Nous étions, en 1830, du nombre de ceux qui réclamaient le plus vivement la séparation de l’état et de l’église ; nous la demandâmes d’abord à la restauration, pour arracher nos croyances à une protection aussi dangereuse pour elles-mêmes que pour le trône qui l’octroyait ; nous la réclamâmes, avec plus d’insistance encore, de la révolution de juillet ; car un parti qui fut alors bien près du triomphe, eût infligé au catholicisme, accablé sous une impopularité passagère, une de ces positions auxquelles on n’échappe que par la liberté.

Sans avoir jamais eu aucune solidarité avec un journal qui a profondément remué le sol de la Belgique, et dont le souvenir est vivant encore en ce pays, nous avions des doctrines religieuses communes, et quelques sympathies politiques analogues, quoique moins ardentes. Nous pouvons donc comprendre mieux que d’autres le mouvement d’idées qui a présidé à l’œuvre du 7 février 1831.

L’Avenir est fondé à réclamer une grande part dans ce travail.
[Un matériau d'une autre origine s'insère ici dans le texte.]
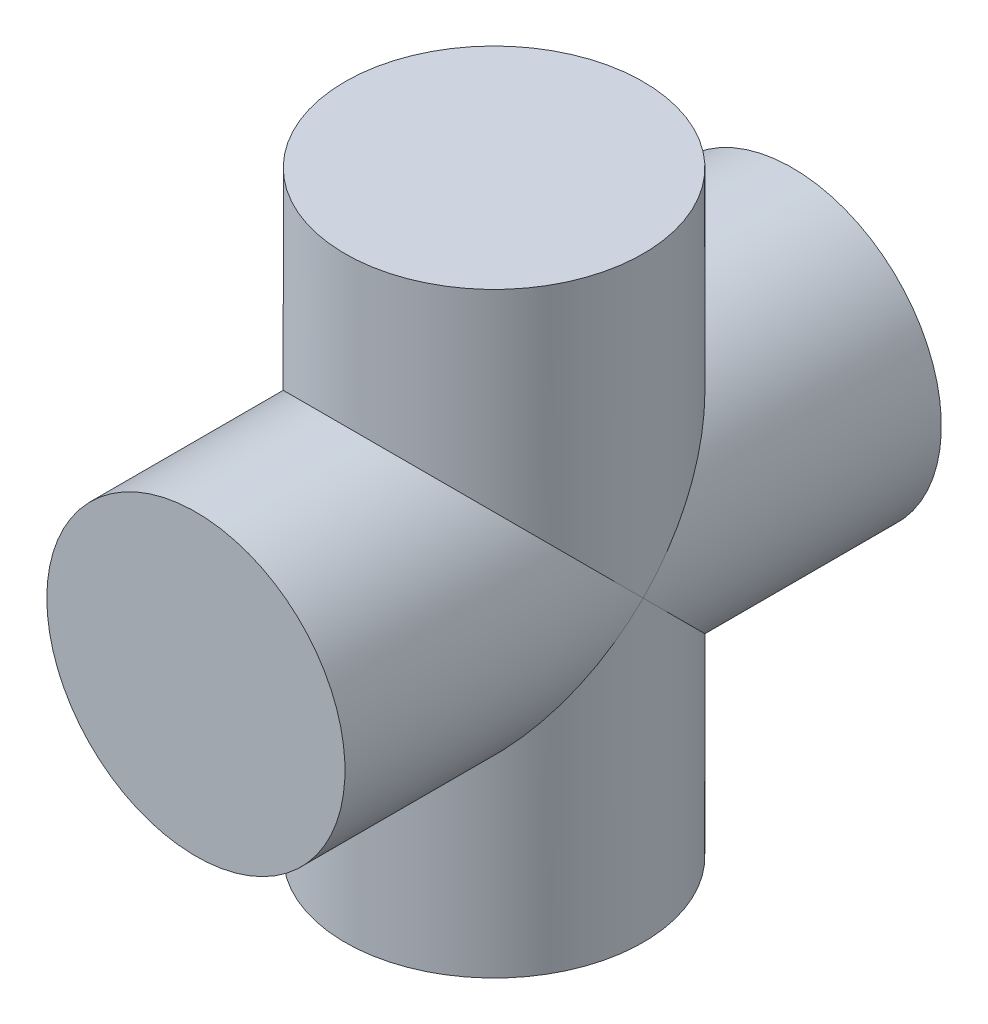
ISO-10303-21;
HEADER;
FILE_DESCRIPTION(('STEP AP214'),'2;1');
FILE_NAME('part.step','',(''),(''),'','','');
FILE_SCHEMA(('AUTOMOTIVE_DESIGN { 1 0 10303 214 1 1 1 1 }'));
ENDSEC;
DATA;
#1=APPLICATION_CONTEXT('core data for automotive mechanical design processes');
#2=APPLICATION_PROTOCOL_DEFINITION('international standard','automotive_design',2000,#1);
#3=PRODUCT_CONTEXT('',#1,'mechanical');
#4=PRODUCT('Part','Part','',(#3));
#5=PRODUCT_RELATED_PRODUCT_CATEGORY('part','',(#4));
#6=PRODUCT_DEFINITION_FORMATION('','',#4);
#7=PRODUCT_DEFINITION_CONTEXT('part definition',#1,'design');
#8=PRODUCT_DEFINITION('design','',#6,#7);
#9=PRODUCT_DEFINITION_SHAPE('','',#8);
#10=(LENGTH_UNIT() NAMED_UNIT(*) SI_UNIT(.MILLI.,.METRE.));
#11=(NAMED_UNIT(*) PLANE_ANGLE_UNIT() SI_UNIT($,.RADIAN.));
#12=(NAMED_UNIT(*) SI_UNIT($,.STERADIAN.) SOLID_ANGLE_UNIT());
#13=UNCERTAINTY_MEASURE_WITH_UNIT(LENGTH_MEASURE(1.E-05),#10,'distance_accuracy_value','');
#14=(GEOMETRIC_REPRESENTATION_CONTEXT(3) GLOBAL_UNCERTAINTY_ASSIGNED_CONTEXT((#13)) GLOBAL_UNIT_ASSIGNED_CONTEXT((#10,
#11,#12)) REPRESENTATION_CONTEXT('',''));
#15=CARTESIAN_POINT('',(0.,0.,0.));
#16=DIRECTION('',(0.,0.,1.));
#17=DIRECTION('',(1.,0.,0.));
#18=AXIS2_PLACEMENT_3D('',#15,#16,#17);
#19=CARTESIAN_POINT('',(0.,-20.,0.));
#20=DIRECTION('',(0.,-1.,0.));
#21=DIRECTION('',(1.,0.,0.));
#22=AXIS2_PLACEMENT_3D('',#19,#20,#21);
#23=PLANE('',#22);
#24=CARTESIAN_POINT('',(0.,-20.,0.));
#25=DIRECTION('',(0.,1.,0.));
#26=DIRECTION('',(-1.,0.,0.));
#27=AXIS2_PLACEMENT_3D('',#24,#25,#26);
#28=CIRCLE('',#27,10.);
#29=CARTESIAN_POINT('',(-9.99999999999999,-20.,0.));
#30=VERTEX_POINT('',#29);
#31=EDGE_CURVE('E61',#30,#30,#28,.T.);
#32=ORIENTED_EDGE('',*,*,#31,.F.);
#33=EDGE_LOOP('',(#32));
#34=FACE_BOUND('',#33,.T.);
#35=ADVANCED_FACE('F34',(#34),#23,.T.);
#36=CARTESIAN_POINT('',(0.,20.,0.));
#37=DIRECTION('',(0.,1.,0.));
#38=DIRECTION('',(-1.,0.,0.));
#39=AXIS2_PLACEMENT_3D('',#36,#37,#38);
#40=CYLINDRICAL_SURFACE('',#39,10.);
#41=CARTESIAN_POINT('',(0.,0.,0.));
#42=DIRECTION('',(0.,0.707106781186547,-0.707106781186547));
#43=DIRECTION('',(0.,0.707106781186547,0.707106781186547));
#44=AXIS2_PLACEMENT_3D('',#41,#42,#43);
#45=ELLIPSE('',#44,14.1421356237309,10.);
#46=CARTESIAN_POINT('',(10.,0.,0.));
#47=VERTEX_POINT('',#46);
#48=CARTESIAN_POINT('',(-10.,0.,0.));
#49=VERTEX_POINT('',#48);
#50=EDGE_CURVE('E41',#47,#49,#45,.T.);
#51=ORIENTED_EDGE('',*,*,#50,.F.);
#52=CARTESIAN_POINT('',(0.,0.,0.));
#53=DIRECTION('',(0.,0.707106781186547,0.707106781186547));
#54=DIRECTION('',(0.,0.707106781186547,-0.707106781186547));
#55=AXIS2_PLACEMENT_3D('',#52,#53,#54);
#56=ELLIPSE('',#55,14.1421356237309,10.);
#57=EDGE_CURVE('E53',#49,#47,#56,.T.);
#58=ORIENTED_EDGE('',*,*,#57,.F.);
#59=EDGE_LOOP('',(#51,#58));
#60=FACE_BOUND('',#59,.T.);
#61=ORIENTED_EDGE('',*,*,#31,.T.);
#62=EDGE_LOOP('',(#61));
#63=FACE_BOUND('',#62,.T.);
#64=ADVANCED_FACE('F54',(#60,#63),#40,.T.);
#65=CARTESIAN_POINT('',(-10.,0.,-20.));
#66=DIRECTION('',(0.,0.,-1.));
#67=DIRECTION('',(-1.,0.,0.));
#68=AXIS2_PLACEMENT_3D('',#65,#66,#67);
#69=PLANE('',#68);
#70=CARTESIAN_POINT('',(0.,0.,-20.));
#71=DIRECTION('',(0.,0.,-1.));
#72=DIRECTION('',(-1.,0.,0.));
#73=AXIS2_PLACEMENT_3D('',#70,#71,#72);
#74=CIRCLE('',#73,10.);
#75=CARTESIAN_POINT('',(-10.,0.,-20.));
#76=VERTEX_POINT('',#75);
#77=EDGE_CURVE('E74',#76,#76,#74,.T.);
#78=ORIENTED_EDGE('',*,*,#77,.T.);
#79=EDGE_LOOP('',(#78));
#80=FACE_BOUND('',#79,.T.);
#81=ADVANCED_FACE('F88',(#80),#69,.T.);
#82=CARTESIAN_POINT('',(0.,0.,-20.));
#83=DIRECTION('',(0.,0.,-1.));
#84=DIRECTION('',(-1.,0.,0.));
#85=AXIS2_PLACEMENT_3D('',#82,#83,#84);
#86=CYLINDRICAL_SURFACE('',#85,10.);
#87=ORIENTED_EDGE('',*,*,#77,.F.);
#88=EDGE_LOOP('',(#87));
#89=FACE_BOUND('',#88,.T.);
#90=CARTESIAN_POINT('',(0.,0.,0.));
#91=DIRECTION('',(0.,0.707106781186547,0.707106781186547));
#92=DIRECTION('',(0.,0.707106781186547,-0.707106781186547));
#93=AXIS2_PLACEMENT_3D('',#90,#91,#92);
#94=ELLIPSE('',#93,14.1421356237309,10.);
#95=EDGE_CURVE('E47',#49,#47,#94,.F.);
#96=ORIENTED_EDGE('',*,*,#95,.T.);
#97=ORIENTED_EDGE('',*,*,#50,.T.);
#98=EDGE_LOOP('',(#96,#97));
#99=FACE_BOUND('',#98,.T.);
#100=ADVANCED_FACE('F63',(#89,#99),#86,.T.);
#101=CARTESIAN_POINT('',(0.,20.,0.));
#102=DIRECTION('',(0.,1.,0.));
#103=DIRECTION('',(-1.,0.,0.));
#104=AXIS2_PLACEMENT_3D('',#101,#102,#103);
#105=PLANE('',#104);
#106=CARTESIAN_POINT('',(0.,20.,0.));
#107=DIRECTION('',(0.,1.,0.));
#108=DIRECTION('',(-1.,0.,0.));
#109=AXIS2_PLACEMENT_3D('',#106,#107,#108);
#110=CIRCLE('',#109,10.);
#111=CARTESIAN_POINT('',(-10.,20.,0.));
#112=VERTEX_POINT('',#111);
#113=EDGE_CURVE('E73',#112,#112,#110,.T.);
#114=ORIENTED_EDGE('',*,*,#113,.T.);
#115=EDGE_LOOP('',(#114));
#116=FACE_BOUND('',#115,.T.);
#117=ADVANCED_FACE('F96',(#116),#105,.T.);
#118=CARTESIAN_POINT('',(0.,0.,0.));
#119=DIRECTION('',(0.,0.707106781186547,-0.707106781186547));
#120=DIRECTION('',(0.,0.707106781186547,0.707106781186547));
#121=AXIS2_PLACEMENT_3D('',#118,#119,#120);
#122=ELLIPSE('',#121,14.1421356237309,10.);
#123=EDGE_CURVE('E11',#47,#49,#122,.F.);
#124=ORIENTED_EDGE('',*,*,#123,.F.);
#125=ORIENTED_EDGE('',*,*,#95,.F.);
#126=EDGE_LOOP('',(#124,#125));
#127=FACE_BOUND('',#126,.T.);
#128=ORIENTED_EDGE('',*,*,#113,.F.);
#129=EDGE_LOOP('',(#128));
#130=FACE_BOUND('',#129,.T.);
#131=ADVANCED_FACE('F59',(#127,#130),#40,.T.);
#132=ORIENTED_EDGE('',*,*,#57,.T.);
#133=ORIENTED_EDGE('',*,*,#123,.T.);
#134=EDGE_LOOP('',(#132,#133));
#135=FACE_BOUND('',#134,.T.);
#136=CARTESIAN_POINT('',(0.,0.,20.));
#137=DIRECTION('',(0.,0.,-1.));
#138=DIRECTION('',(-1.,0.,0.));
#139=AXIS2_PLACEMENT_3D('',#136,#137,#138);
#140=CIRCLE('',#139,10.);
#141=CARTESIAN_POINT('',(-10.,0.,20.));
#142=VERTEX_POINT('',#141);
#143=EDGE_CURVE('E71',#142,#142,#140,.T.);
#144=ORIENTED_EDGE('',*,*,#143,.T.);
#145=EDGE_LOOP('',(#144));
#146=FACE_BOUND('',#145,.T.);
#147=ADVANCED_FACE('F64',(#135,#146),#86,.T.);
#148=CARTESIAN_POINT('',(-10.,0.,20.));
#149=DIRECTION('',(0.,0.,1.));
#150=DIRECTION('',(1.,0.,0.));
#151=AXIS2_PLACEMENT_3D('',#148,#149,#150);
#152=PLANE('',#151);
#153=ORIENTED_EDGE('',*,*,#143,.F.);
#154=EDGE_LOOP('',(#153));
#155=FACE_BOUND('',#154,.T.);
#156=ADVANCED_FACE('F67',(#155),#152,.T.);
#157=CLOSED_SHELL('',(#35,#64,#81,#100,#117,#131,#147,#156));
#158=MANIFOLD_SOLID_BREP('B2',#157);
#159=ADVANCED_BREP_SHAPE_REPRESENTATION('',(#18,#158),#14);
#160=SHAPE_DEFINITION_REPRESENTATION(#9,#159);
ENDSEC;
END-ISO-10303-21;

C’était merveille, en effet, de voir ce clergé et ces honnêtes catholiques belges, qui, quelques années auparavant, se signaient d’horreur à l’idée de la liberté des cultes et de la presse, et repoussaient la loi fondamentale de 1815, parce qu’elle contenait des dispositions trop libérales, réclamer avec véhémence toutes les conséquences du principe de liberté, auquel

  1. La subvention du culte catholique est fixée par le budget courant de 1836, pour le traitement de l’archevêque de Malines, des cinq évêques de Bruges, Gand, Liége, Namur et Tournay, celui des curés, desservans, vicaires, etc., les bourses affectées aux séminaires, le subside pour construction et entretien des églises, etc., à la somme de 3,392,900 francs.